▸ **EXERCISE REQUIREMENTS**
Shown below are entries with pictures; the line with "kd = -0.0238" through the line with "Controller : Subsystem" is the span to retype exactly, and the pictures stay out.
==== EXTRACTED MATERIAL ====
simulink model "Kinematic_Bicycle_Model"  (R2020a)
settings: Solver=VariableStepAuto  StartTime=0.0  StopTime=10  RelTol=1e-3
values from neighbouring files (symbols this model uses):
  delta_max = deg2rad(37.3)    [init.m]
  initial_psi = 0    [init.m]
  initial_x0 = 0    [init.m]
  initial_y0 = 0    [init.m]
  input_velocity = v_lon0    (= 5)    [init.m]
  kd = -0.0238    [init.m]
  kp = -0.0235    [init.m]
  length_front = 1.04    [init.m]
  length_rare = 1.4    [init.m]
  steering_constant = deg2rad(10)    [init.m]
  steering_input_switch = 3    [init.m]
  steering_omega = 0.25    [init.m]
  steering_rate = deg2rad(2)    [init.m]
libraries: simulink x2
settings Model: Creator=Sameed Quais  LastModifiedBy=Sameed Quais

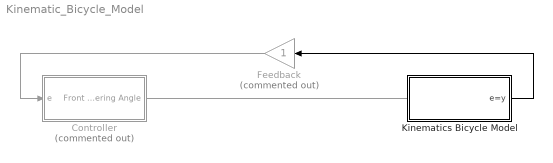
== system Kinematic_Bicycle_Model ==
  Controller : Subsystem  Commented=on
  Feedback : Gain  Commented=on
  Kinematics Bicycle Model : Subsystem
  wires:
  Controller/1("Front Wheel Steering Angle ") -> ?
  Kinematics Bicycle Model/1(e=y) -> Feedback/1
  Feedback/1 -> Controller/1(e)

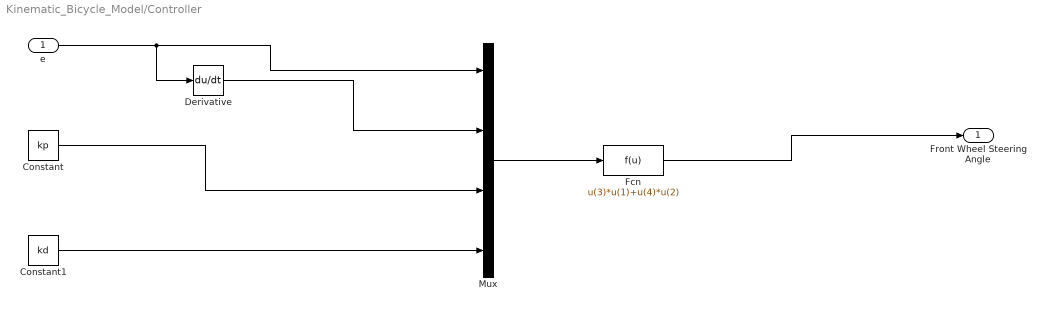
== system Kinematic_Bicycle_Model/Controller ==
  e : Inport
  Constant : Constant  Value=kp
  Constant1 : Constant  Value=kd
  Derivative : Derivative
  Fcn : Fcn  Expr=u(3)*u(1)+u(4)*u(2)
  Mux : Mux
  "Front Wheel Steering Angle " : Outport
  wires:
  e/1 -> Derivative/1, Mux/1
  Derivative/1 -> Mux/2
  Constant/1 -> Mux/3
  Constant1/1 -> Mux/4
  Mux/1 -> Fcn/1
  Fcn/1 -> "Front Wheel Steering Angle "/1

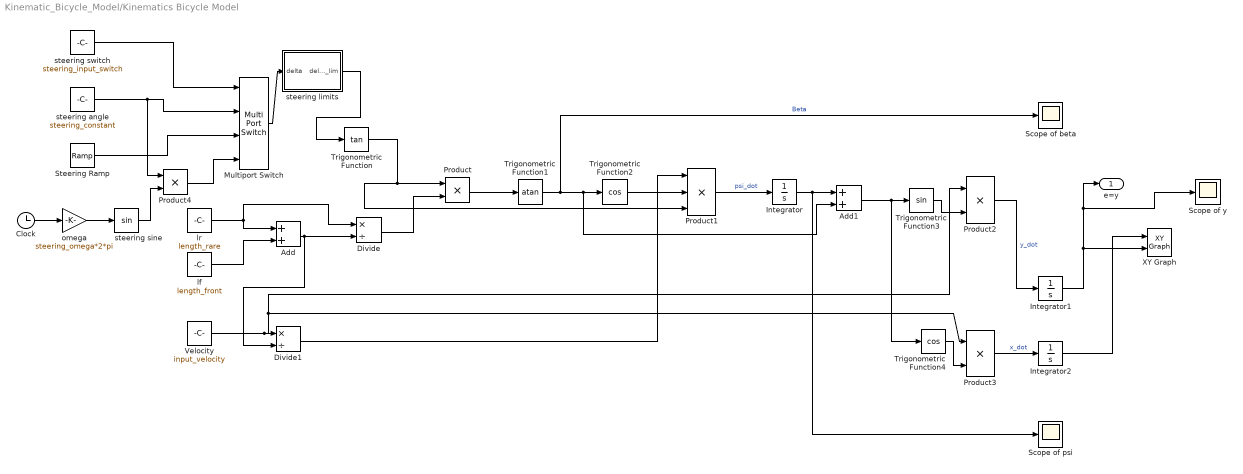
== system Kinematic_Bicycle_Model/Kinematics Bicycle Model ==
  Add : Sum
  Add1 : Sum
  Clock : Clock
  Divide : Product  Inputs=*/
  Divide1 : Product  Inputs=*/
  Integrator : Integrator  InitialCondition=initial_psi
  Integrator1 : Integrator  InitialCondition=initial_y0
  Integrator2 : Integrator  InitialCondition=initial_x0
  Multiport Switch : MultiPortSwitch
  Product{,2..4} (4 alike) : Product
  Product1 : Product  Inputs=3
  Scope of beta : Scope
  Scope of psi : Scope
  Scope of y : Scope
  Steering Ramp : simulink/Sources/Ramp  slope=steering_rate  start=0  InitialOutput=0
  Trigonometric Function : Trigonometry  Operator=tan
  Trigonometric Function1 : Trigonometry  Operator=atan
  Trigonometric Function2 : Trigonometry  Operator=cos
  Trigonometric Function3 : Trigonometry
  Trigonometric Function4 : Trigonometry  Operator=cos
  Velocity : Constant  Value=input_velocity
  XY Graph : simulink/Sinks/XY Graph  xmin=-inf  xmax=inf  ymin=-inf  ymax=inf  st=-1
  lf : Constant  Value=length_front
  lr : Constant  Value=length_rare
  omega : Gain  Gain=steering_omega*2*pi
  steering limits : Subsystem
  steering angle : Constant  Value=steering_constant
  steering sine : Trigonometry
  steering switch : Constant  Value=steering_input_switch
  e=y : Outport
  wires:
  lr/1 -> Divide/1, Add/1
  lf/1 -> Add/2
  Trigonometric Function/1 -> Product1/3, Product/1
  Add/1 -> Divide1/2, Divide/2
  Divide/1 -> Product/2
  Product/1 -> Trigonometric Function1/1
  Trigonometric Function1/1 -> Scope of beta/1, Add1/2, Trigonometric Function2/1  "Beta"
  Trigonometric Function2/1 -> Product1/2
  Velocity/1 -> Product2/1, Product3/1, Divide1/1
  Divide1/1 -> Product1/1
  Product1/1 -> Integrator/1  "psi_dot"
  Integrator/1 -> Scope of psi/1, Add1/1
  Add1/1 -> Trigonometric Function4/1, Trigonometric Function3/1
  Trigonometric Function3/1 -> Product2/2
  Product2/1 -> Integrator1/1  "y_dot"
  Trigonometric Function4/1 -> Product3/2
  Product3/1 -> Integrator2/1  "x_dot"
  Integrator1/1 -> Scope of y/1, e=y/1, XY Graph/2
  Integrator2/1 -> XY Graph/1
  steering switch/1 -> Multiport Switch/1
  steering angle/1 -> Product4/1, Multiport Switch/2
  Steering Ramp/1 -> Multiport Switch/3
  omega/1 -> steering sine/1
  Clock/1 -> omega/1
  steering sine/1 -> Product4/2
  Product4/1 -> Multiport Switch/4
  Multiport Switch/1 -> steering limits/1(delta)
  steering limits/1(delta_lim) -> Trigonometric Function/1

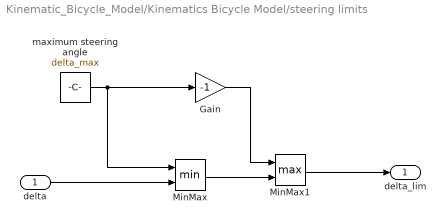
== system Kinematic_Bicycle_Model/Kinematics Bicycle Model/steering limits ==
  delta : Inport
  Gain : Gain  Gain=-1
  MinMax : MinMax  Inputs=2
  MinMax1 : MinMax  Function=max  Inputs=2
  maximum steering angle : Constant  Value=delta_max
  delta_lim : Outport  VectorParamsAs1DForOutWhenUnconnected=off
  wires:
  MinMax1/1 -> delta_lim/1
  delta/1 -> MinMax/2
  maximum steering angle/1 -> Gain/1, MinMax/1
  MinMax/1 -> MinMax1/2
  Gain/1 -> MinMax1/1
====
▸ **OUTPUT BELOW**
  kd = -0.0238    [init.m]
  kp = -0.0235    [init.m]
  length_front = 1.04    [init.m]
  length_rare = 1.4    [init.m]
  steering_constant = deg2rad(10)    [init.m]
  steering_input_switch = 3    [init.m]
  steering_omega = 0.25    [init.m]
  steering_rate = deg2rad(2)    [init.m]
libraries: simulink x2
settings Model: Creator=Sameed Quais  LastModifiedBy=Sameed Quais

== system Kinematic_Bicycle_Model ==
  Controller : Subsystem  Commented=on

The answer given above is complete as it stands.